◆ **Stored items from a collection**
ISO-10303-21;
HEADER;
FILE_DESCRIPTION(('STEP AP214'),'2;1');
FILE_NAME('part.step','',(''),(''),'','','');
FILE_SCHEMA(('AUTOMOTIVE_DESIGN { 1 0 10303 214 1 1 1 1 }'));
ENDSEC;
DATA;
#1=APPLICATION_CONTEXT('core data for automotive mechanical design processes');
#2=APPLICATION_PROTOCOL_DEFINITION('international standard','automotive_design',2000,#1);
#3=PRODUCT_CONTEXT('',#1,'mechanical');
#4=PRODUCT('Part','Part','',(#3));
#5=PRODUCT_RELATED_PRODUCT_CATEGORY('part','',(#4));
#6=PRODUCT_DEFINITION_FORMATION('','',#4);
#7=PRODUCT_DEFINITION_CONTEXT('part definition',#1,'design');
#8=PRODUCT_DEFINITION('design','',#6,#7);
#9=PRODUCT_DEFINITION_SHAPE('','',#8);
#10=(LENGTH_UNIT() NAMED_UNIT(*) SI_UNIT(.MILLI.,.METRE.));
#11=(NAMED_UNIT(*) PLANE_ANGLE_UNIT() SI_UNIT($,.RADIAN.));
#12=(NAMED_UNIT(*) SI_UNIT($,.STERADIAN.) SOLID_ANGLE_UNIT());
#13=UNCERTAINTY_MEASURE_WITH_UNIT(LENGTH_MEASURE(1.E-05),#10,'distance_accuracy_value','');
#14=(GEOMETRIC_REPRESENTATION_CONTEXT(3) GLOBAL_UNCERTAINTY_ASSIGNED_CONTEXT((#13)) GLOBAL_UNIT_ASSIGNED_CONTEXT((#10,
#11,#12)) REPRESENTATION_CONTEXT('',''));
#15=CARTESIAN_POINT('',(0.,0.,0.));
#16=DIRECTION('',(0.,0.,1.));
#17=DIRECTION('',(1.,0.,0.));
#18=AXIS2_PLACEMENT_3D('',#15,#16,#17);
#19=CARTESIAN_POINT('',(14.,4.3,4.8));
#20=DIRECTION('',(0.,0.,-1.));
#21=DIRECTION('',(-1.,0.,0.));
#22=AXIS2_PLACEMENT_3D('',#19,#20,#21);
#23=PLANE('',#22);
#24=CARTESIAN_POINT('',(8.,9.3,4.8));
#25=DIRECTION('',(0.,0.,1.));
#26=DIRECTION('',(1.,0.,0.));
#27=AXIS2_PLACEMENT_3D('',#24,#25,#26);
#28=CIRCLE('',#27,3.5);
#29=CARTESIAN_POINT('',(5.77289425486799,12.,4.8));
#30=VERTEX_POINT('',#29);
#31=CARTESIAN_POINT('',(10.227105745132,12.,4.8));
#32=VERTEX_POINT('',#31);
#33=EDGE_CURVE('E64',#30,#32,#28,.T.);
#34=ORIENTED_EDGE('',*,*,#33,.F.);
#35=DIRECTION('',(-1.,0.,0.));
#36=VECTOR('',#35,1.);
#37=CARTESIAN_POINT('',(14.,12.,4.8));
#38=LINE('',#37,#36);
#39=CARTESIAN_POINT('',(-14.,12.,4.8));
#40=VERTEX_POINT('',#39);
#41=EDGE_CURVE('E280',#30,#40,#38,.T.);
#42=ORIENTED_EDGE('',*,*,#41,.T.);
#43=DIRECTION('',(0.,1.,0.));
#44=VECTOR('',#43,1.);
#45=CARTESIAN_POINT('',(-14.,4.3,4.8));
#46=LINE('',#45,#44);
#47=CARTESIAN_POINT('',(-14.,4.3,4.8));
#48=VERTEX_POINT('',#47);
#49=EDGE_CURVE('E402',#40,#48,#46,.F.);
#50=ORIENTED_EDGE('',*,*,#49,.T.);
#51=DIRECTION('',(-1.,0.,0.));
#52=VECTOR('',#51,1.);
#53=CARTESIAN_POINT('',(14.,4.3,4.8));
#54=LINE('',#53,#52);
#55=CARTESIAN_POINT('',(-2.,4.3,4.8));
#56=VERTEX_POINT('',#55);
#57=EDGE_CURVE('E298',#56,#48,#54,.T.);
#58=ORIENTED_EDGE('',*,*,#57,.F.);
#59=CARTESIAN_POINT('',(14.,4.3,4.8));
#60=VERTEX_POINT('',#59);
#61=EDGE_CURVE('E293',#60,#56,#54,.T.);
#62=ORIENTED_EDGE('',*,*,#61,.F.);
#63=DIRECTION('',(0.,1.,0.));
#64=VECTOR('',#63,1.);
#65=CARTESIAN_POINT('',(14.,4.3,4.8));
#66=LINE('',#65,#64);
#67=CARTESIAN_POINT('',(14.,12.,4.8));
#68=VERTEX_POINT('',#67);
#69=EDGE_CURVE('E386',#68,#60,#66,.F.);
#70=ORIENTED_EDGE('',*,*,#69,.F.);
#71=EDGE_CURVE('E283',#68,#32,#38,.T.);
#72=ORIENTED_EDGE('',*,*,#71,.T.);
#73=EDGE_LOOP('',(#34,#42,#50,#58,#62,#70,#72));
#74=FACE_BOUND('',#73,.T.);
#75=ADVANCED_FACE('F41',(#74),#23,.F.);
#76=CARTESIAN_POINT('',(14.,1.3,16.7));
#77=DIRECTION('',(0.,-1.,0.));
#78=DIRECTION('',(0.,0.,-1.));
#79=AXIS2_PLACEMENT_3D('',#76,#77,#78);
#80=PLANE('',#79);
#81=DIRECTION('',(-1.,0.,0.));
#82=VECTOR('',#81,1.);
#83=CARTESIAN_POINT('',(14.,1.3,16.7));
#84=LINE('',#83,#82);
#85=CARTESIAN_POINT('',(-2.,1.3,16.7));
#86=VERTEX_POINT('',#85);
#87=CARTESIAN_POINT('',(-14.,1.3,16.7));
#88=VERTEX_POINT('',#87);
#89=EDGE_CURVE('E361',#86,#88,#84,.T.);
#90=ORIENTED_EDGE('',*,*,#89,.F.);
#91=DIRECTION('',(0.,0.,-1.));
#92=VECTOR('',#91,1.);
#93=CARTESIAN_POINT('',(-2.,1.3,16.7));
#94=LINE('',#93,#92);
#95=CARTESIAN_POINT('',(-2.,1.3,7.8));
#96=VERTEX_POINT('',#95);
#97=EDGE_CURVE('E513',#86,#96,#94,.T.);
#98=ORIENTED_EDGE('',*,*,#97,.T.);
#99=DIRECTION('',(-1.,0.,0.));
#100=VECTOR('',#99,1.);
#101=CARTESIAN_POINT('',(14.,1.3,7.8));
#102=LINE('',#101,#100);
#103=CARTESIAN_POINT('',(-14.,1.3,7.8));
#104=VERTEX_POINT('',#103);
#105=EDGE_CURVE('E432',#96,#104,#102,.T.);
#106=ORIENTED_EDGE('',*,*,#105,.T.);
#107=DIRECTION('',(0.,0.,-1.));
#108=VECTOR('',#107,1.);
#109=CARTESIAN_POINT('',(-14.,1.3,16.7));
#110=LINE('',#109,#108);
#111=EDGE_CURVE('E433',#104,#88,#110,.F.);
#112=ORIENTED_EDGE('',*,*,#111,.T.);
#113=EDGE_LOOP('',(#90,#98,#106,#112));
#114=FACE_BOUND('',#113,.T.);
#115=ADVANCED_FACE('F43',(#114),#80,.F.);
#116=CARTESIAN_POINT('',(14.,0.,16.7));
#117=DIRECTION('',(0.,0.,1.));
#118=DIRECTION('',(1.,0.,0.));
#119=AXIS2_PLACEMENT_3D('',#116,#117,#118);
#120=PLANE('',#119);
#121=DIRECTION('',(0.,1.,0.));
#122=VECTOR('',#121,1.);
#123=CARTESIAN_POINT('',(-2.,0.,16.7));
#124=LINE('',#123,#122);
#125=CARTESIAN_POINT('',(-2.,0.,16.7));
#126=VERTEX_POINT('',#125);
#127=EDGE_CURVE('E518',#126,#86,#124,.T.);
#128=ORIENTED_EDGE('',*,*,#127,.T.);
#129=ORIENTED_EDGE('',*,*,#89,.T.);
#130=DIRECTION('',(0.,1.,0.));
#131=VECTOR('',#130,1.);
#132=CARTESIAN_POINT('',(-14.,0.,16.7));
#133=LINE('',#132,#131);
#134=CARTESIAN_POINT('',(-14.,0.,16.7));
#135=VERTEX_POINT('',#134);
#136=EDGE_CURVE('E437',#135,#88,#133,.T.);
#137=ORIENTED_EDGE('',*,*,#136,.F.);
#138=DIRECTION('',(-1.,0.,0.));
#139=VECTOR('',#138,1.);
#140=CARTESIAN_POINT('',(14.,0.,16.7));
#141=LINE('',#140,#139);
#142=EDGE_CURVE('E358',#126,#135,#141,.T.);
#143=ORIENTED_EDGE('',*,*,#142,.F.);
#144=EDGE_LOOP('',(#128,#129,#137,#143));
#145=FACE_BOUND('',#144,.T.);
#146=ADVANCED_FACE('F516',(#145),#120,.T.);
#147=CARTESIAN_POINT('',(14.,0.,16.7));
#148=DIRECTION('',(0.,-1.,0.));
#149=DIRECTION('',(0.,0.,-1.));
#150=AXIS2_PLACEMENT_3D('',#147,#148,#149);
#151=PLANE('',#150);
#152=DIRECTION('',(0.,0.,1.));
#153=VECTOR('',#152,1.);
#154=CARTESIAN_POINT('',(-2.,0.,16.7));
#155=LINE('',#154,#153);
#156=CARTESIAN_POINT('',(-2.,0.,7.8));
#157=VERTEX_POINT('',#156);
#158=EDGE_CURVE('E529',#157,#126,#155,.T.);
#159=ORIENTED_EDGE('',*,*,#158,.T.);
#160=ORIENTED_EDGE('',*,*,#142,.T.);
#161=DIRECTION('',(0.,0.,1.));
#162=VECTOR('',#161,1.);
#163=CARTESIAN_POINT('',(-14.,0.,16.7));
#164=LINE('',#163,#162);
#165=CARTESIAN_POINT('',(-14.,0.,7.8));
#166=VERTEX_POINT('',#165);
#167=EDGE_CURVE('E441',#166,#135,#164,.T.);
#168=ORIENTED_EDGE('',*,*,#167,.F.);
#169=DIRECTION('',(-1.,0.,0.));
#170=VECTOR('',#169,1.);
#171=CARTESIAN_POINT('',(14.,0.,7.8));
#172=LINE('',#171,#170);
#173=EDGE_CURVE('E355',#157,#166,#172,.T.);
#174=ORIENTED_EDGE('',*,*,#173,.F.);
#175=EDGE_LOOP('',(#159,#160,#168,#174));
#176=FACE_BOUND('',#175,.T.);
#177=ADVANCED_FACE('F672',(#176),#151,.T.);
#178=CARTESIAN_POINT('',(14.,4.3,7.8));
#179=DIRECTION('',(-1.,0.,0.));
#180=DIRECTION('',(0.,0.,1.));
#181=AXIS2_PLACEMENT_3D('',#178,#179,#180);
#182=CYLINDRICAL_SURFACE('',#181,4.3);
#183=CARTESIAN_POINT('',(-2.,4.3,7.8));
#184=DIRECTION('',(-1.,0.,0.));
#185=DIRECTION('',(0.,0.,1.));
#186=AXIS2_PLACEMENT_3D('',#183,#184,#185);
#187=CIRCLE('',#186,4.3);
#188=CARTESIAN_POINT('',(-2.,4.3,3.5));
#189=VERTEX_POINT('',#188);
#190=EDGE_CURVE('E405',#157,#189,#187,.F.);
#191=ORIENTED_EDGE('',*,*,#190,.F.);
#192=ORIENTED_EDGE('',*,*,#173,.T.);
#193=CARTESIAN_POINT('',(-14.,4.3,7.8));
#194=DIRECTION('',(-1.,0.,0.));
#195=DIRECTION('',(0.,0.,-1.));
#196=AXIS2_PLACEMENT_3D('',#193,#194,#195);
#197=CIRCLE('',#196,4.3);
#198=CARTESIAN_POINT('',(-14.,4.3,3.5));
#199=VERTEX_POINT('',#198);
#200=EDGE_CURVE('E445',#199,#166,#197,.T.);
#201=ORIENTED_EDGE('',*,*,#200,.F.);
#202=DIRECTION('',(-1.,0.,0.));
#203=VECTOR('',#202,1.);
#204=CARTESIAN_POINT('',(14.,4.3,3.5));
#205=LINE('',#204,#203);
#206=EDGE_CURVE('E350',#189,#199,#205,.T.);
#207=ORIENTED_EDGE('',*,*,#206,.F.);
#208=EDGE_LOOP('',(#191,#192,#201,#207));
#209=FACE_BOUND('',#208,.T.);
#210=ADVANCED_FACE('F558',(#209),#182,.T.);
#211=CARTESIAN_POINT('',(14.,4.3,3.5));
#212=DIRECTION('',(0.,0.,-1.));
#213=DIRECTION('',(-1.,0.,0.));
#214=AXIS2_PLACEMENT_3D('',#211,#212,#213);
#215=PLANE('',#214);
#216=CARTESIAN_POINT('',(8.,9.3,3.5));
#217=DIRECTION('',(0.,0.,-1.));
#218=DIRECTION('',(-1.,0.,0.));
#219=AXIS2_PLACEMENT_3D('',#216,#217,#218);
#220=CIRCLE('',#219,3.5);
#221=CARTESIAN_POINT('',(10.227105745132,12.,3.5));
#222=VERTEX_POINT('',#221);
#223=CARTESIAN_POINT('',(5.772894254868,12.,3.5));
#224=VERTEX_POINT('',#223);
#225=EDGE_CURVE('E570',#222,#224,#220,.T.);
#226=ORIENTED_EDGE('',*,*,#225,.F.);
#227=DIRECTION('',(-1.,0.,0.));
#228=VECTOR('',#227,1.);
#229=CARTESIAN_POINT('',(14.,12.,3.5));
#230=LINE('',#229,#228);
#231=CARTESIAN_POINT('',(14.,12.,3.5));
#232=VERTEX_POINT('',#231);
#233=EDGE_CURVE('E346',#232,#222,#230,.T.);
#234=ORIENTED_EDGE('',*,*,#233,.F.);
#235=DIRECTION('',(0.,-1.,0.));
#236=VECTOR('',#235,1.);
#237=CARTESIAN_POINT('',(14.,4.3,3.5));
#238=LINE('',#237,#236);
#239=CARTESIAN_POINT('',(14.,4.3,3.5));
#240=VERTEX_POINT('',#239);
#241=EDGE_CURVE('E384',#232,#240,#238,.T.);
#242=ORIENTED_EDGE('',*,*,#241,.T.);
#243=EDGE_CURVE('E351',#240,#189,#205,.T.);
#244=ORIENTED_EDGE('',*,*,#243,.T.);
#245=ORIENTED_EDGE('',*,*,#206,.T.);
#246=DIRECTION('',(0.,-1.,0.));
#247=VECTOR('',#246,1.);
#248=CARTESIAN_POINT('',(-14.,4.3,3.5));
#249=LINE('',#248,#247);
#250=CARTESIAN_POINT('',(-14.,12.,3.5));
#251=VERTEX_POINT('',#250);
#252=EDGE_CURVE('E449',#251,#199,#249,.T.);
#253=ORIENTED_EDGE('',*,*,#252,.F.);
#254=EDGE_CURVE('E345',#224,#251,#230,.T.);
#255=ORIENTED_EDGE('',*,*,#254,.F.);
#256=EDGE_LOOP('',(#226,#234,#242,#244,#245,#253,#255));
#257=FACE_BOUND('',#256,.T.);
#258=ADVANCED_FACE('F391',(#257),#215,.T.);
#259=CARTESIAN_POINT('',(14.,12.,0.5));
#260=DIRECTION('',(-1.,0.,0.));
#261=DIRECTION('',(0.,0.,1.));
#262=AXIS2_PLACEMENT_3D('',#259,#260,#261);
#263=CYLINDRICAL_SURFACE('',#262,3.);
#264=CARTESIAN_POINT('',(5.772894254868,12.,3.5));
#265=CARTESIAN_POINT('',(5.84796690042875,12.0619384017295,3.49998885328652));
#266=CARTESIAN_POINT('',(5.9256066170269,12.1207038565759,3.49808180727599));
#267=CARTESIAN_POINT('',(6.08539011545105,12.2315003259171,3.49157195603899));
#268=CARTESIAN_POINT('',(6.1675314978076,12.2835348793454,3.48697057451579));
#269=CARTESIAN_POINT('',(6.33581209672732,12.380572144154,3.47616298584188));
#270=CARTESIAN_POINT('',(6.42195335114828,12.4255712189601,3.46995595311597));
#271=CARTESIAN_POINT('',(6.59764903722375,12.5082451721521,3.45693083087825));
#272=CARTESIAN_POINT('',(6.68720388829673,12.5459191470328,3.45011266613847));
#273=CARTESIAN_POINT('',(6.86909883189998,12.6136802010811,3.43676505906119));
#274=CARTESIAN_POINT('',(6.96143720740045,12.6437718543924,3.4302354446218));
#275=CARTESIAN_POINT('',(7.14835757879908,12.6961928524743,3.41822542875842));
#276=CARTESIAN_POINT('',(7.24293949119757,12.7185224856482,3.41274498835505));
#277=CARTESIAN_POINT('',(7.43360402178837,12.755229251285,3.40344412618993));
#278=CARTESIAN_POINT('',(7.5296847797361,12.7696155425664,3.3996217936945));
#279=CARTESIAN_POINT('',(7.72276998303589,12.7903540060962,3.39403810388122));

◆ **TASK REQUIREMENTS**
Print exactly the lines that run from the line containing "#261=DIRECTION('',(0.,0.,1.));" to the end of the data, both ends included.

◆ **TASK RESPONSE**
#261=DIRECTION('',(0.,0.,1.));
#262=AXIS2_PLACEMENT_3D('',#259,#260,#261);
#263=CYLINDRICAL_SURFACE('',#262,3.);
#264=CARTESIAN_POINT('',(5.772894254868,12.,3.5));
#265=CARTESIAN_POINT('',(5.84796690042875,12.0619384017295,3.49998885328652));
#266=CARTESIAN_POINT('',(5.9256066170269,12.1207038565759,3.49808180727599));
#267=CARTESIAN_POINT('',(6.08539011545105,12.2315003259171,3.49157195603899));
#268=CARTESIAN_POINT('',(6.1675314978076,12.2835348793454,3.48697057451579));
#269=CARTESIAN_POINT('',(6.33581209672732,12.380572144154,3.47616298584188));
#270=CARTESIAN_POINT('',(6.42195335114828,12.4255712189601,3.46995595311597));
#271=CARTESIAN_POINT('',(6.59764903722375,12.5082451721521,3.45693083087825));
#272=CARTESIAN_POINT('',(6.68720388829673,12.5459191470328,3.45011266613847));
#273=CARTESIAN_POINT('',(6.86909883189998,12.6136802010811,3.43676505906119));
#274=CARTESIAN_POINT('',(6.96143720740045,12.6437718543924,3.4302354446218));
#275=CARTESIAN_POINT('',(7.14835757879908,12.6961928524743,3.41822542875842));
#276=CARTESIAN_POINT('',(7.24293949119757,12.7185224856482,3.41274498835505));
#277=CARTESIAN_POINT('',(7.43360402178837,12.755229251285,3.40344412618993));
#278=CARTESIAN_POINT('',(7.5296847797361,12.7696155425664,3.3996217936945));
#279=CARTESIAN_POINT('',(7.72276998303589,12.7903540060962,3.39403810388122));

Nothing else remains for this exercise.